Oui — il existe à cet horizon

Pull

Aucun — la consommation donne le rythme

Réapprovisionner un article à long délai à demande avérée

Oui — le buffer couvre le délai

Pull (avec buffer)

Aucun — le buffer est là pour couvrir le long délai

Lancer un produit sans historique

Pas encore

Push, puis bascule vers le pull

Positionne le lancement (produits comparables, caractéristiques, jugement)

Dimensionner les buffers pour une saison ou une promotion

Une variation du taux de demande est attendue

La prévision dimensionne, le pull réapprovisionne

Fixe le buffer à partir de la consommation journalière prévisionnelle ; la consommation continue de le réapprovisionner

Se préparer à un pic ponctuel (Black Friday)

L'événement est trop brutal pour que le pull le rattrape

Push (constitution anticipée), puis pull

Dimensionne une constitution anticipée pour l'événement ; les ventes réelles l'écoulent

Investir dans une capacité à long délai

Aucun signal spécifique à une commande à cet horizon

Push

Positionne l'engagement avant la demande

Piloter une usine sur des appels constructeur instables

Il existe, mais sa prévision est fausse

Pull

Teste si les buffers sont adéquats ; signale les gros changements de taux

Concevoir la combinaison — et ce qu'elle produit

Rien de tout cela ne se met en place tout seul. Livrée à elle-même, une supply chain accumule des habitudes de push et de pull ; elle ne les combine pas. La prévision pilote le réapprovisionnement parce que c'est ce qu'elle a toujours fait. Un buffer garde une taille que personne n'a revue depuis sa création. Une prévision de lancement reste en place parce que personne n'a fixé de date pour la retirer. Concevoir la combinaison, c'est nommer clairement quelques éléments :

  • Quelles décisions la prévision dimensionne ou positionne ?
  • Quelles décisions la consommation cadence
  • Comment la bascule se déclenche ?
  • Qu’est-ce que la prévision a le droit de faire : positionner ? dimensionner les buffers ? tester ?
  • Qu’est-ce que la prévision n'a pas le droit de faire ? Par exemple, créer des ordres de réapprovisionnement qui appartiennent au pull.

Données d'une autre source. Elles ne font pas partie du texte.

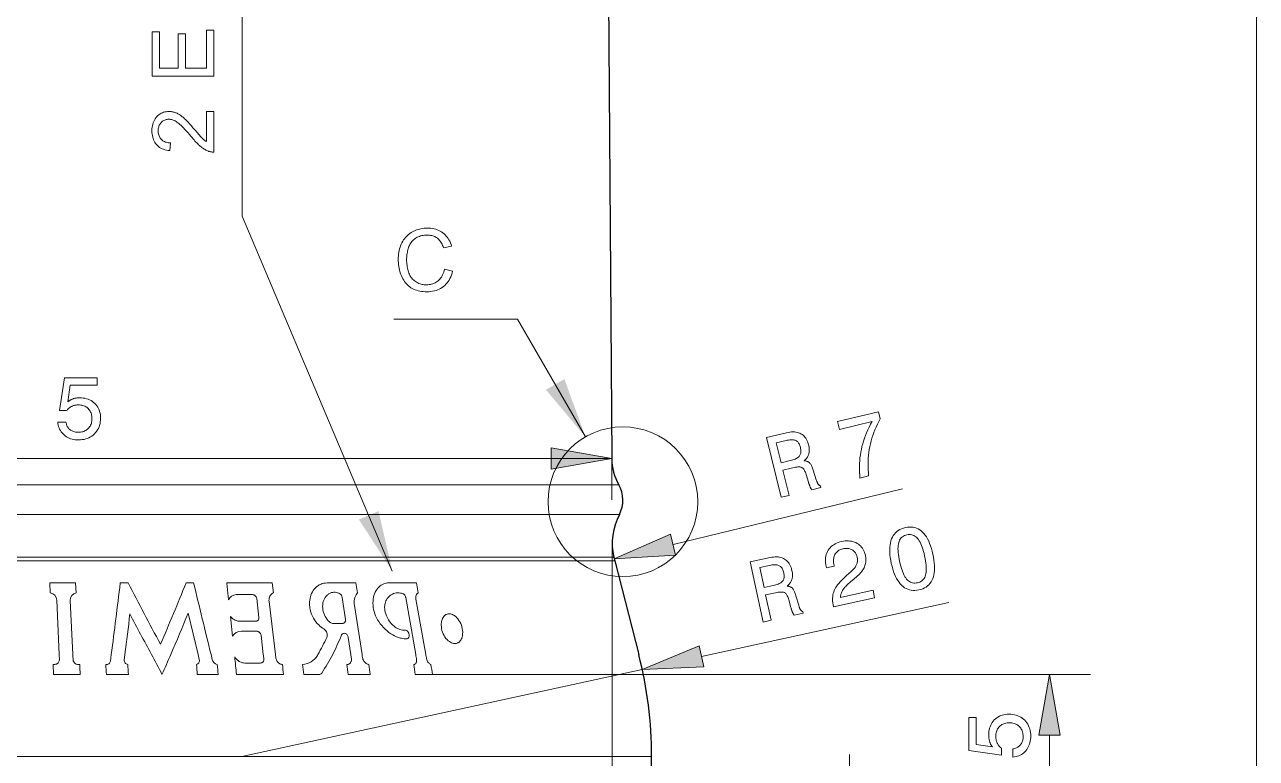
# Model space of a CAD drawing. Extents: x 5 to 409, y 5 to 583.
# Drawn here: x 136.8 to 196.9, y 204 to 239.7 of the extents above; entities that cross this region are included whole.
import ezdxf

# ---------------------------------------------------------------- set-up
doc = ezdxf.new("R2010")
doc.units = 0
for name, color, linetype, lineweight in [('DETAIL', 3, 'Continuous', 25), ('DIMENSIONS', 2, 'Continuous', 25), ('OUTLINE', 7, 'Continuous', 70), ('TEXT', 2, 'Continuous', 25)]:
    doc.layers.add(name, color=color, linetype=linetype, lineweight=lineweight)

msp = doc.modelspace()

# ---------------------------------------------------------------- linework, layer by layer
at = {"layer": 'DETAIL', "lineweight": 13}
for p, q in [((161.743, 217.31), (99.6, 217.31)), ((161.768, 215.856), (99.572, 215.856)), ((161.567, 213.603), (99.801, 213.603)), ((161.529, 213.783), (99.844, 213.783)), ((163.15, 204.057), (97.997, 204.057))]:
    msp.add_line(p, q, dxfattribs=at)
at = {"layer": 'DETAIL', "lineweight": 13, "ltscale": 0.101292}
msp.add_line((165.795, 217.31), (161.743, 217.31), dxfattribs=at)
at = {"layer": 'DETAIL', "lineweight": 13, "ltscale": 0.101379}
msp.add_line((165.823, 215.856), (161.768, 215.856), dxfattribs=at)
at = {"layer": 'DETAIL', "lineweight": 13, "ltscale": 0.100545}
msp.add_line((165.55, 213.783), (161.529, 213.783), dxfattribs=at)
at = {"layer": 'DETAIL', "lineweight": 13, "ltscale": 0.100679}
msp.add_line((165.594, 213.603), (161.567, 213.603), dxfattribs=at)
at = {"layer": 'DETAIL', "lineweight": 13, "ltscale": 0.106197}
msp.add_line((167.397, 204.057), (163.15, 204.057), dxfattribs=at)
at = {"layer": 'DETAIL', "lineweight": 13}
msp.add_circle((165.995, 216.48), 3.651, dxfattribs=at)
at = {"layer": 'DIMENSIONS', "lineweight": 13}
for p, q in [((196.899, 195.512), (196.899, 348.609)), ((161.438, 218.583), (99.947, 218.583)), ((102.902, 218.582), (162.493, 218.582)), ((165.475, 214.452), (165.475, 174.354)), ((147.397, 204.057), (166.94, 208.311)), ((156.704, 208.062), (188.805, 208.062))]:
    msp.add_line(p, q, dxfattribs=at)
at = {"layer": 'DIMENSIONS', "lineweight": 13, "ltscale": 0.288112}
msp.add_line((168.443, 214.39), (179.642, 217.11), dxfattribs=at)
at = {"layer": 'DIMENSIONS', "lineweight": 13, "ltscale": 0.308955}
msp.add_line((169.827, 208.94), (181.902, 211.568), dxfattribs=at)
at = {"layer": 'DIMENSIONS', "lineweight": 13, "ltscale": 0.239891}
msp.add_line((186.805, 195.512), (186.805, 205.107), dxfattribs=at)
at = {"layer": 'DIMENSIONS', "lineweight": 13, "ltscale": 0.116125}
msp.add_line((177.05, 199.512), (177.05, 204.157), dxfattribs=at)
at = {"layer": 'DIMENSIONS', "lineweight": 13}
for points in [[(138.423, 220.364), (138.823, 220.364), (138.832, 220.318), (138.843, 220.275), (138.856, 220.233), (138.872, 220.193), (138.89, 220.156), (138.911, 220.12), (138.934, 220.086), (138.96, 220.055), (138.988, 220.026), (139.018, 219.998), (139.051, 219.973), (139.086, 219.951), (139.122, 219.931), (139.16, 219.914), (139.199, 219.899), (139.241, 219.888), (139.284, 219.878), (139.329, 219.872), (139.376, 219.868), (139.424, 219.866), (139.483, 219.868), (139.54, 219.874), (139.594, 219.883), (139.647, 219.896), (139.696, 219.912), (139.744, 219.933), (139.788, 219.956), (139.831, 219.984), (139.871, 220.015), (139.909, 220.05), (139.944, 220.088), (139.975, 220.128), (140.003, 220.17), (140.027, 220.215), (140.047, 220.262), (140.063, 220.312), (140.076, 220.363), (140.085, 220.418), (140.091, 220.474), (140.093, 220.533), (140.091, 220.593), (140.085, 220.65), (140.076, 220.705), (140.064, 220.757), (140.047, 220.807), (140.027, 220.855), (140.004, 220.9), (139.977, 220.942), (139.946, 220.982), (139.911, 221.02), (139.874, 221.054), (139.834, 221.085), (139.791, 221.112), (139.746, 221.136), (139.699, 221.156), (139.649, 221.172), (139.596, 221.185), (139.542, 221.194), (139.484, 221.199), (139.424, 221.201), (139.39, 221.2), (139.355, 221.198), (139.322, 221.195), (139.289, 221.19), (139.257, 221.184), (139.225, 221.176), (139.194, 221.167), (139.164, 221.156), (139.134, 221.145), (139.105, 221.131), (139.076, 221.117), (139.049, 221.101), (139.022, 221.084), (138.995, 221.065), (138.97, 221.045), (138.945, 221.024), (138.921, 221.001), (138.897, 220.977), (138.875, 220.952), (138.853, 220.925), (138.509, 220.925), (138.745, 222.514), (140.348, 222.514), (140.348, 222.16), (139.034, 222.16), (138.914, 221.353), (138.936, 221.371), (138.959, 221.389), (138.982, 221.406), (139.006, 221.421), (139.031, 221.436), (139.057, 221.45), (139.084, 221.463), (139.111, 221.476), (139.139, 221.487), (139.168, 221.497), (139.198, 221.507), (139.228, 221.515), (139.258, 221.522), (139.29, 221.529), (139.321, 221.534), (139.353, 221.539), (139.386, 221.542), (139.419, 221.545), (139.453, 221.546), (139.487, 221.547), (139.578, 221.544), (139.665, 221.536), (139.748, 221.522), (139.828, 221.503), (139.904, 221.478), (139.977, 221.448), (140.046, 221.412), (140.111, 221.371), (140.173, 221.325), (140.231, 221.273), (140.284, 221.216), (140.332, 221.156), (140.374, 221.093), (140.411, 221.026), (140.442, 220.956), (140.467, 220.882), (140.487, 220.805), (140.501, 220.725), (140.509, 220.641), (140.512, 220.554), (140.509, 220.461), (140.5, 220.372), (140.485, 220.287), (140.464, 220.205), (140.438, 220.126), (140.405, 220.052), (140.366, 219.98), (140.321, 219.913), (140.27, 219.849), (140.214, 219.788), (140.152, 219.733), (140.087, 219.683), (140.019, 219.639), (139.946, 219.601), (139.87, 219.569), (139.791, 219.542), (139.708, 219.522), (139.621, 219.507), (139.531, 219.498), (139.437, 219.495), (139.354, 219.498), (139.273, 219.505), (139.196, 219.517), (139.121, 219.534), (139.049, 219.555), (138.98, 219.582), (138.914, 219.613), (138.851, 219.649), (138.791, 219.689), (138.734, 219.735), (138.68, 219.784), (138.632, 219.836), (138.588, 219.892), (138.55, 219.95), (138.516, 220.012), (138.488, 220.076), (138.464, 220.144), (138.445, 220.214), (138.432, 220.288)], [(177.56, 217.634), (177.547, 217.778), (177.538, 217.922), (177.534, 218.065), (177.534, 218.206), (177.538, 218.347), (177.548, 218.487), (177.561, 218.625), (177.579, 218.763), (177.601, 218.9), (177.628, 219.035), (177.659, 219.171), (177.695, 219.306), (177.736, 219.441), (177.782, 219.577), (177.832, 219.712), (177.887, 219.848), (177.947, 219.983), (178.012, 220.119), (178.081, 220.255), (178.155, 220.39), (176.561, 220.003), (176.468, 220.386), (178.465, 220.871), (178.55, 220.523), (178.479, 220.391), (178.412, 220.257), (178.35, 220.123), (178.293, 219.989), (178.24, 219.853), (178.191, 219.717), (178.147, 219.581), (178.107, 219.444), (178.072, 219.306), (178.042, 219.167), (178.016, 219.028), (177.994, 218.888), (177.977, 218.747), (177.965, 218.605), (177.956, 218.463), (177.953, 218.319), (177.954, 218.175), (177.959, 218.03), (177.969, 217.884), (177.984, 217.737)], [(173.71, 216.698), (173.002, 219.609), (173.975, 219.846), (174.06, 219.864), (174.141, 219.877), (174.22, 219.885), (174.295, 219.888), (174.367, 219.885), (174.437, 219.877), (174.503, 219.864), (174.566, 219.846), (174.626, 219.822), (174.683, 219.793), (174.736, 219.759), (174.786, 219.72), (174.833, 219.676), (174.876, 219.628), (174.915, 219.574), (174.951, 219.515), (174.983, 219.451), (175.011, 219.382), (175.036, 219.309), (175.058, 219.23), (175.068, 219.183), (175.077, 219.136), (175.083, 219.091), (175.086, 219.046), (175.087, 219.003), (175.086, 218.961), (175.083, 218.919), (175.077, 218.879), (175.069, 218.839), (175.059, 218.801), (175.047, 218.764), (175.032, 218.727), (175.015, 218.692), (174.996, 218.658), (174.974, 218.625), (174.95, 218.593), (174.924, 218.563), (174.896, 218.533), (174.866, 218.504), (174.833, 218.477), (174.867, 218.474), (174.899, 218.47), (174.929, 218.463), (174.958, 218.456), (174.986, 218.447), (175.012, 218.436), (175.036, 218.423), (175.059, 218.409), (175.081, 218.393), (175.101, 218.376), (175.12, 218.356), (175.138, 218.333), (175.157, 218.306), (175.175, 218.275), (175.193, 218.241), (175.211, 218.204), (175.229, 218.163), (175.246, 218.119), (175.264, 218.071), (175.28, 218.019), (175.426, 217.554), (175.436, 217.524), (175.445, 217.497), (175.455, 217.471), (175.464, 217.447), (175.473, 217.424), (175.483, 217.403), (175.492, 217.384), (175.501, 217.367), (175.511, 217.352), (175.52, 217.338), (175.529, 217.325), (175.539, 217.314), (175.55, 217.303), (175.561, 217.293), (175.572, 217.284), (175.584, 217.275), (175.596, 217.268), (175.609, 217.262), (175.623, 217.256), (175.636, 217.251), (175.656, 217.171), (175.215, 217.064), (175.207, 217.073), (175.199, 217.082), (175.191, 217.093), (175.183, 217.104), (175.175, 217.117), (175.167, 217.13), (175.159, 217.145), (175.15, 217.16), (175.142, 217.177), (175.134, 217.194), (175.126, 217.213), (175.117, 217.233), (175.108, 217.254), (175.1, 217.277), (175.091, 217.301), (175.081, 217.326), (175.072, 217.353), (175.063, 217.381), (175.053, 217.41), (175.043, 217.441), (174.931, 217.813), (174.914, 217.867), (174.896, 217.917), (174.877, 217.962), (174.857, 218.003), (174.837, 218.039), (174.816, 218.071), (174.794, 218.099), (174.772, 218.122), (174.748, 218.141), (174.725, 218.156), (174.697, 218.166), (174.665, 218.174), (174.626, 218.178), (174.582, 218.179), (174.533, 218.177), (174.477, 218.172), (174.416, 218.164), (174.35, 218.152), (174.278, 218.137), (174.2, 218.119), (173.8, 218.022), (174.099, 216.793)], [(173.953, 219.463), (173.478, 219.348), (173.714, 218.379), (174.162, 218.488), (174.228, 218.505), (174.29, 218.523), (174.346, 218.543), (174.398, 218.564), (174.446, 218.586), (174.488, 218.61), (174.526, 218.634), (174.56, 218.66), (174.588, 218.688), (174.612, 218.716), (174.632, 218.746), (174.648, 218.779), (174.661, 218.814), (174.671, 218.851), (174.677, 218.891), (174.68, 218.933), (174.679, 218.977), (174.675, 219.024), (174.667, 219.073), (174.656, 219.124), (174.643, 219.174), (174.627, 219.22), (174.61, 219.263), (174.591, 219.302), (174.569, 219.337), (174.546, 219.369), (174.521, 219.398), (174.494, 219.422), (174.464, 219.444), (174.433, 219.461), (174.4, 219.476), (174.363, 219.487), (174.323, 219.495), (174.28, 219.5), (174.233, 219.501), (174.184, 219.5), (174.131, 219.495), (174.075, 219.488), (174.016, 219.477)], [(179.09, 213.477), (179.061, 213.623), (179.039, 213.763), (179.023, 213.896), (179.015, 214.024), (179.013, 214.146), (179.017, 214.262), (179.029, 214.372), (179.047, 214.476), (179.072, 214.574), (179.103, 214.666), (179.142, 214.751), (179.186, 214.83), (179.237, 214.902), (179.295, 214.968), (179.359, 215.026), (179.429, 215.078), (179.506, 215.123), (179.589, 215.162), (179.679, 215.193), (179.775, 215.218), (179.873, 215.236), (179.969, 215.244), (180.061, 215.244), (180.15, 215.235), (180.235, 215.218), (180.318, 215.191), (180.397, 215.156), (180.473, 215.112), (180.546, 215.059), (180.616, 214.998), (180.682, 214.928), (180.745, 214.849), (180.804, 214.763), (180.86, 214.667), (180.912, 214.564), (180.96, 214.451), (181.005, 214.331), (181.047, 214.202), (181.085, 214.065), (181.119, 213.919), (181.148, 213.772), (181.171, 213.632), (181.187, 213.498), (181.196, 213.37), (181.198, 213.248), (181.194, 213.133), (181.183, 213.023), (181.165, 212.92), (181.14, 212.823), (181.109, 212.732), (181.071, 212.648), (181.027, 212.57), (180.976, 212.498), (180.918, 212.434), (180.854, 212.376), (180.783, 212.324), (180.706, 212.279), (180.622, 212.241), (180.532, 212.209), (180.435, 212.184), (180.338, 212.167), (180.243, 212.158), (180.151, 212.159), (180.063, 212.167), (179.977, 212.185), (179.895, 212.212), (179.815, 212.247), (179.739, 212.291), (179.666, 212.343), (179.596, 212.405), (179.529, 212.475), (179.465, 212.553), (179.406, 212.639), (179.35, 212.734), (179.297, 212.837), (179.249, 212.949), (179.204, 213.068), (179.162, 213.196), (179.124, 213.333)], [(168.32, 214.896), (165.572, 213.692), (168.566, 213.884)], [(176.264, 211.364), (176.261, 211.377), (176.245, 211.463), (176.233, 211.547), (176.226, 211.629), (176.223, 211.709), (176.225, 211.787), (176.232, 211.863), (176.243, 211.937), (176.259, 212.009), (176.28, 212.079), (176.305, 212.147), (176.336, 212.215), (176.374, 212.284), (176.418, 212.354), (176.468, 212.426), (176.525, 212.499), (176.589, 212.573), (176.659, 212.649), (176.736, 212.726), (176.819, 212.804), (176.909, 212.884), (177.128, 213.074), (177.167, 213.108), (177.202, 213.142), (177.236, 213.176), (177.266, 213.211), (177.294, 213.245), (177.32, 213.279), (177.343, 213.314), (177.363, 213.349), (177.381, 213.383), (177.396, 213.418), (177.409, 213.453), (177.42, 213.489), (177.428, 213.525), (177.434, 213.562), (177.438, 213.599), (177.439, 213.637), (177.438, 213.676), (177.435, 213.715), (177.43, 213.755), (177.422, 213.796), (177.411, 213.841), (177.396, 213.884), (177.379, 213.924), (177.359, 213.962), (177.336, 213.997), (177.311, 214.03), (177.282, 214.061), (177.251, 214.089), (177.217, 214.114), (177.181, 214.137), (177.142, 214.157), (177.101, 214.174), (177.059, 214.187), (177.016, 214.197), (176.971, 214.204), (176.924, 214.207), (176.876, 214.207), (176.826, 214.204), (176.775, 214.197), (176.722, 214.187), (176.67, 214.174), (176.622, 214.158), (176.576, 214.138), (176.534, 214.116), (176.494, 214.09), (176.458, 214.061), (176.424, 214.029), (176.394, 213.994), (176.367, 213.956), (176.342, 213.915), (176.321, 213.871), (176.304, 213.825), (176.29, 213.776), (176.28, 213.726), (176.274, 213.674), (176.271, 213.62), (176.272, 213.564), (176.277, 213.505), (176.285, 213.445), (176.297, 213.383), (176.305, 213.348), (175.922, 213.264), (175.909, 213.324), (175.892, 213.415), (175.881, 213.504), (175.876, 213.59), (175.877, 213.673), (175.884, 213.754), (175.898, 213.831), (175.917, 213.907), (175.943, 213.979), (175.975, 214.049), (176.013, 214.116), (176.056, 214.179), (176.104, 214.238), (176.158, 214.292), (176.216, 214.342), (176.279, 214.386), (176.347, 214.427), (176.42, 214.463), (176.498, 214.494), (176.581, 214.52), (176.668, 214.542), (176.754, 214.558), (176.837, 214.569), (176.918, 214.574), (176.996, 214.573), (177.073, 214.567), (177.147, 214.555), (177.218, 214.538), (177.288, 214.516), (177.355, 214.487), (177.42, 214.453), (177.482, 214.415), (177.539, 214.372), (177.591, 214.325), (177.638, 214.274), (177.681, 214.218), (177.719, 214.159), (177.752, 214.095), (177.781, 214.027), (177.805, 213.955), (177.825, 213.879), (177.836, 213.819), (177.844, 213.76), (177.849, 213.701), (177.85, 213.643), (177.847, 213.587), (177.841, 213.53), (177.832, 213.475), (177.819, 213.421), (177.803, 213.367), (177.784, 213.315), (177.76, 213.262), (177.734, 213.211), (177.703, 213.16), (177.669, 213.109), (177.632, 213.059), (177.591, 213.009), (177.547, 212.96), (177.498, 212.912), (177.447, 212.864), (177.392, 212.816), (177.172, 212.637), (177.111, 212.585), (177.054, 212.536), (177.001, 212.488), (176.952, 212.441), (176.907, 212.396), (176.866, 212.353), (176.828, 212.311), (176.794, 212.271), (176.764, 212.232), (176.738, 212.195), (176.715, 212.158), (176.694, 212.122), (176.675, 212.085), (176.659, 212.047), (176.645, 212.01), (176.633, 211.972), (176.623, 211.934), (176.616, 211.896), (176.61, 211.858), (176.607, 211.819), (178.198, 212.165), (178.277, 211.803)], [(179.494, 213.565), (179.521, 213.447), (179.55, 213.337), (179.58, 213.234), (179.612, 213.138), (179.645, 213.049), (179.68, 212.967), (179.717, 212.892), (179.755, 212.824), (179.794, 212.764), (179.835, 212.71), (179.878, 212.664), (179.923, 212.624), (179.971, 212.59), (180.02, 212.562), (180.071, 212.541), (180.125, 212.526), (180.18, 212.518), (180.238, 212.515), (180.298, 212.52), (180.36, 212.53), (180.421, 212.546), (180.478, 212.567), (180.529, 212.593), (180.577, 212.624), (180.619, 212.659), (180.657, 212.7), (180.69, 212.745), (180.719, 212.795), (180.743, 212.849), (180.762, 212.909), (180.777, 212.974), (180.787, 213.045), (180.793, 213.122), (180.795, 213.205), (180.792, 213.294), (180.785, 213.389), (180.774, 213.491), (180.758, 213.598), (180.738, 213.711), (180.713, 213.83), (180.686, 213.95), (180.657, 214.061), (180.627, 214.166), (180.595, 214.263), (180.562, 214.352), (180.527, 214.435), (180.491, 214.51), (180.453, 214.578), (180.414, 214.638), (180.374, 214.691), (180.332, 214.737), (180.287, 214.777), (180.241, 214.81), (180.192, 214.837), (180.14, 214.858), (180.087, 214.873), (180.031, 214.881), (179.973, 214.883), (179.913, 214.879), (179.851, 214.868), (179.79, 214.852), (179.734, 214.831), (179.682, 214.805), (179.635, 214.774), (179.593, 214.738), (179.555, 214.698), (179.522, 214.652), (179.493, 214.602), (179.468, 214.546), (179.449, 214.486), (179.434, 214.42), (179.423, 214.349), (179.416, 214.272), (179.414, 214.188), (179.417, 214.099), (179.423, 214.004), (179.434, 213.903), (179.45, 213.796), (179.47, 213.684)], [(172.836, 210.618), (172.198, 213.545), (173.177, 213.758), (173.262, 213.775), (173.343, 213.786), (173.422, 213.792), (173.497, 213.792), (173.57, 213.788), (173.639, 213.778), (173.704, 213.764), (173.767, 213.744), (173.826, 213.719), (173.882, 213.689), (173.935, 213.653), (173.984, 213.613), (174.03, 213.568), (174.071, 213.519), (174.109, 213.464), (174.144, 213.404), (174.174, 213.34), (174.201, 213.27), (174.225, 213.196), (174.244, 213.117), (174.254, 213.069), (174.261, 213.023), (174.265, 212.977), (174.268, 212.933), (174.268, 212.889), (174.266, 212.847), (174.262, 212.805), (174.255, 212.765), (174.246, 212.726), (174.235, 212.688), (174.222, 212.651), (174.206, 212.615), (174.188, 212.58), (174.168, 212.546), (174.146, 212.514), (174.121, 212.483), (174.095, 212.453), (174.066, 212.424), (174.035, 212.396), (174.001, 212.369), (174.035, 212.366), (174.067, 212.36), (174.097, 212.354), (174.126, 212.345), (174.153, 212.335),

Vous fixez aussi la cadence DDS&OP qui teste et ajuste le modèle. Faites cela, et le pull livrera le besoin en fonds de roulement, le service et le calme que cette série d’article promettait. Le push, cantonné aux seules décisions qu'il est seul à pouvoir prendre, délivrera des lancements planifiés plutôt que devinés, une capacité prête plutôt qu'en retard, et des montées saisonnières orchestrées plutôt que précipitées. L'or n'est pas un mélange de push et de pull. C'est une division du travail claire, où chaque outil ne fait que ce qu'il fait le mieux.